> _EXERCISE PROMPT_: Reproduce the line that holds "#74=FACE_BOUND('',#73,.T.);" together with all the lines after it up to the end of the entries.
↓↓↓
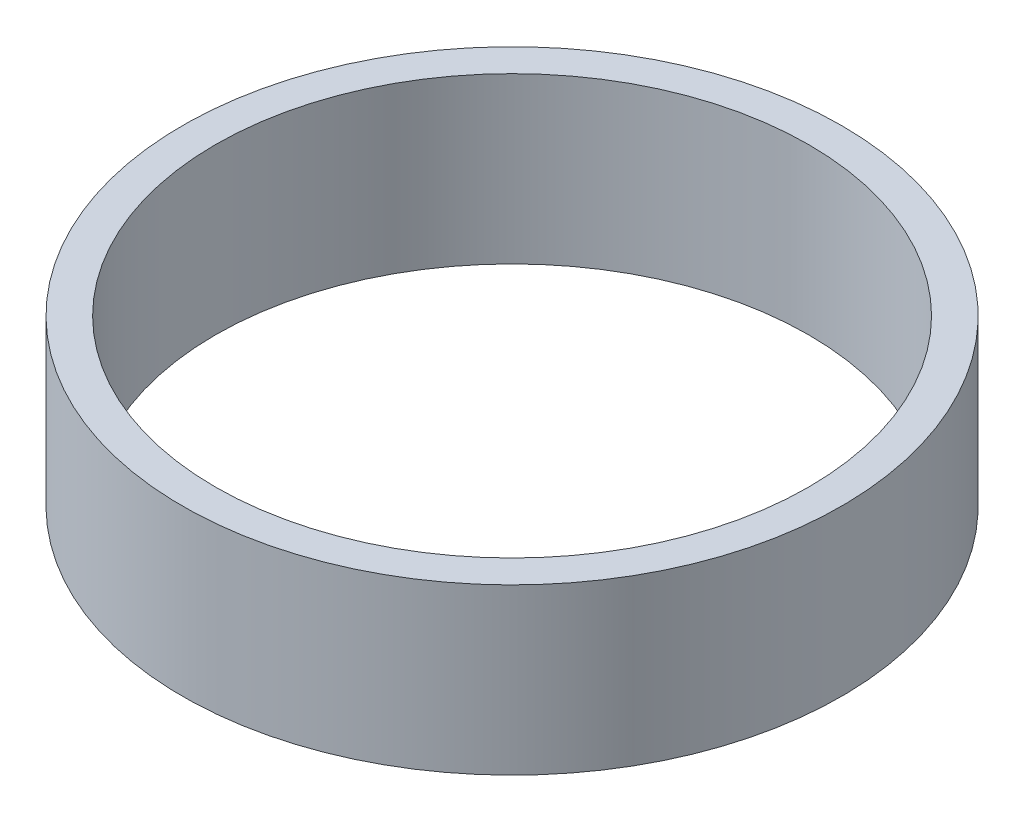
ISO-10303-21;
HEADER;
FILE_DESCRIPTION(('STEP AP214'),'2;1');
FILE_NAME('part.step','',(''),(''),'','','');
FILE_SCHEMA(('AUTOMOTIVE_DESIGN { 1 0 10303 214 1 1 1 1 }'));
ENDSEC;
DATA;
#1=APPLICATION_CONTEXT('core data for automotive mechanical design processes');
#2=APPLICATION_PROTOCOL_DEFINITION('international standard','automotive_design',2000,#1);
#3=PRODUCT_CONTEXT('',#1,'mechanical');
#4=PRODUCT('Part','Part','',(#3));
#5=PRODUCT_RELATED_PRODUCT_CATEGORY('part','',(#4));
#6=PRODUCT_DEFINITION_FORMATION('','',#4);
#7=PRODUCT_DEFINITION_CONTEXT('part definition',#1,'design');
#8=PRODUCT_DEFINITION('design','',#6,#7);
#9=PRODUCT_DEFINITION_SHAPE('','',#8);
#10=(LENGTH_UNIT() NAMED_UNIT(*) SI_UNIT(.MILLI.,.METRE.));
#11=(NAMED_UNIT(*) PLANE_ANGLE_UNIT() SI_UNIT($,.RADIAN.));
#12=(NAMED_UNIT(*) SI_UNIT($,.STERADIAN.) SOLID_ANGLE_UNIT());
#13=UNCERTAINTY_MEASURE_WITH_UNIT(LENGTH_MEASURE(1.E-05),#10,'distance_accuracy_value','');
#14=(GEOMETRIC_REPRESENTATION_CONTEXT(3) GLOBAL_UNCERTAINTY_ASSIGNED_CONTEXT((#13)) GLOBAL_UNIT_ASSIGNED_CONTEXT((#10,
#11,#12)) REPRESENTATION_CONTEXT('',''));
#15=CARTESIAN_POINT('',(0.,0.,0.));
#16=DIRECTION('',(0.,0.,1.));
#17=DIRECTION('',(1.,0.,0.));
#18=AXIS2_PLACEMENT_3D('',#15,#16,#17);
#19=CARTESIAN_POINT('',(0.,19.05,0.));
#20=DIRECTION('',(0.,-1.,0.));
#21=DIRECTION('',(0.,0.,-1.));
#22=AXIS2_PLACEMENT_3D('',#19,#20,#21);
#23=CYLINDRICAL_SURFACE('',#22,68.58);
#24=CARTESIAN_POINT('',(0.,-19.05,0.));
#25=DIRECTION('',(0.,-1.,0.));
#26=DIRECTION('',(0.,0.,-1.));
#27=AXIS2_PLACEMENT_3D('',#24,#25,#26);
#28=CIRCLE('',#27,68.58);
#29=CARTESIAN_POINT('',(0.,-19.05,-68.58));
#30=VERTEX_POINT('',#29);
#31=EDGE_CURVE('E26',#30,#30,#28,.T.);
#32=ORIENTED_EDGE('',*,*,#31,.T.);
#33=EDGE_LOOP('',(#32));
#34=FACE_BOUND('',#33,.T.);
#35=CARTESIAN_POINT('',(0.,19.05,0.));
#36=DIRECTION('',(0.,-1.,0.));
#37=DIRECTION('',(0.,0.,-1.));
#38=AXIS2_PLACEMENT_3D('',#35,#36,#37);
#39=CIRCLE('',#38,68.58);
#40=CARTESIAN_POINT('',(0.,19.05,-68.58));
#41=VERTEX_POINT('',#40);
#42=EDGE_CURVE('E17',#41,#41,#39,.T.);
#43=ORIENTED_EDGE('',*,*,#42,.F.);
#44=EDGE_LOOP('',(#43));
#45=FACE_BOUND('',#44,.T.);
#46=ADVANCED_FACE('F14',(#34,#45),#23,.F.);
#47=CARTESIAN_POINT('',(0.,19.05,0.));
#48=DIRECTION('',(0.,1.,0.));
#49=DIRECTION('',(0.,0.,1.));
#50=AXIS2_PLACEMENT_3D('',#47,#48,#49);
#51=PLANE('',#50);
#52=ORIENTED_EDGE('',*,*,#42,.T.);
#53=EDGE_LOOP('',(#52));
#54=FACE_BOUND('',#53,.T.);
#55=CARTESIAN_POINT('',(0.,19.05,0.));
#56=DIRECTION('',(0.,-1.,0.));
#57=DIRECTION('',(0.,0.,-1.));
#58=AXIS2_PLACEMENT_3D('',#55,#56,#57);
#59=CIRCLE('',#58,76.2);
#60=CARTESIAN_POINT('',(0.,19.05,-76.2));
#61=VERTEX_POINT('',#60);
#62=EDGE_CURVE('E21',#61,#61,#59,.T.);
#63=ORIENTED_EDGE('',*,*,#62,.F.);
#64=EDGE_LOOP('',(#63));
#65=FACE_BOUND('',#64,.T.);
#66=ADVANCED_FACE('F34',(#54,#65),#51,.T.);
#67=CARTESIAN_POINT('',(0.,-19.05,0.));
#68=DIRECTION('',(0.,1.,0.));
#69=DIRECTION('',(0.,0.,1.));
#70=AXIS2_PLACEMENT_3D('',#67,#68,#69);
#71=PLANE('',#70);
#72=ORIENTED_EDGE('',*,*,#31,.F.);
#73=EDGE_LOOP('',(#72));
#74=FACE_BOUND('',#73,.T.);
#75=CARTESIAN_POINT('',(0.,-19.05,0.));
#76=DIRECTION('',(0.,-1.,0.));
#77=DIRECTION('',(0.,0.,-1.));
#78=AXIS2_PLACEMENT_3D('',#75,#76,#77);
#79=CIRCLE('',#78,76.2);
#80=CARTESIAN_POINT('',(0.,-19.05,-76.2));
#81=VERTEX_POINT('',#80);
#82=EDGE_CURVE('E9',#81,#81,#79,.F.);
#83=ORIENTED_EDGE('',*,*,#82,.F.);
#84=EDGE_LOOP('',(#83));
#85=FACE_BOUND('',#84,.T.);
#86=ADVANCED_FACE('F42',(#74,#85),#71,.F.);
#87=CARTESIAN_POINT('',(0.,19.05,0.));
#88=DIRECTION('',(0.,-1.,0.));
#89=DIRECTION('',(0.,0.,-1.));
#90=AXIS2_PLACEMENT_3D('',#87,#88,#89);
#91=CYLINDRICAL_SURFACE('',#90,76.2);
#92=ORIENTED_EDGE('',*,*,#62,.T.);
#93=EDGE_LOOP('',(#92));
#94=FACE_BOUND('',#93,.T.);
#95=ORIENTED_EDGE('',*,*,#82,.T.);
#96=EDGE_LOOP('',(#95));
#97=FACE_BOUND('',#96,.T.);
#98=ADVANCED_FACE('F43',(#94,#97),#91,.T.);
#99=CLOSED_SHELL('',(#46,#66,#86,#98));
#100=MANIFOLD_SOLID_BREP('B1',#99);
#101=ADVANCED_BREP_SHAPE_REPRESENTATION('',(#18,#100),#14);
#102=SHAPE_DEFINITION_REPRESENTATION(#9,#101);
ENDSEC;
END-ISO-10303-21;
↑↑↑
> _RESPONSE AREA_:
#74=FACE_BOUND('',#73,.T.);
#75=CARTESIAN_POINT('',(0.,-19.05,0.));
#76=DIRECTION('',(0.,-1.,0.));
#77=DIRECTION('',(0.,0.,-1.));
#78=AXIS2_PLACEMENT_3D('',#75,#76,#77);
#79=CIRCLE('',#78,76.2);
#80=CARTESIAN_POINT('',(0.,-19.05,-76.2));
#81=VERTEX_POINT('',#80);
#82=EDGE_CURVE('E9',#81,#81,#79,.F.);
#83=ORIENTED_EDGE('',*,*,#82,.F.);
#84=EDGE_LOOP('',(#83));
#85=FACE_BOUND('',#84,.T.);
#86=ADVANCED_FACE('F42',(#74,#85),#71,.F.);
#87=CARTESIAN_POINT('',(0.,19.05,0.));
#88=DIRECTION('',(0.,-1.,0.));
#89=DIRECTION('',(0.,0.,-1.));
#90=AXIS2_PLACEMENT_3D('',#87,#88,#89);
#91=CYLINDRICAL_SURFACE('',#90,76.2);
#92=ORIENTED_EDGE('',*,*,#62,.T.);
#93=EDGE_LOOP('',(#92));
#94=FACE_BOUND('',#93,.T.);
#95=ORIENTED_EDGE('',*,*,#82,.T.);
#96=EDGE_LOOP('',(#95));
#97=FACE_BOUND('',#96,.T.);
#98=ADVANCED_FACE('F43',(#94,#97),#91,.T.);
#99=CLOSED_SHELL('',(#46,#66,#86,#98));
#100=MANIFOLD_SOLID_BREP('B1',#99);
#101=ADVANCED_BREP_SHAPE_REPRESENTATION('',(#18,#100),#14);
#102=SHAPE_DEFINITION_REPRESENTATION(#9,#101);
ENDSEC;
END-ISO-10303-21;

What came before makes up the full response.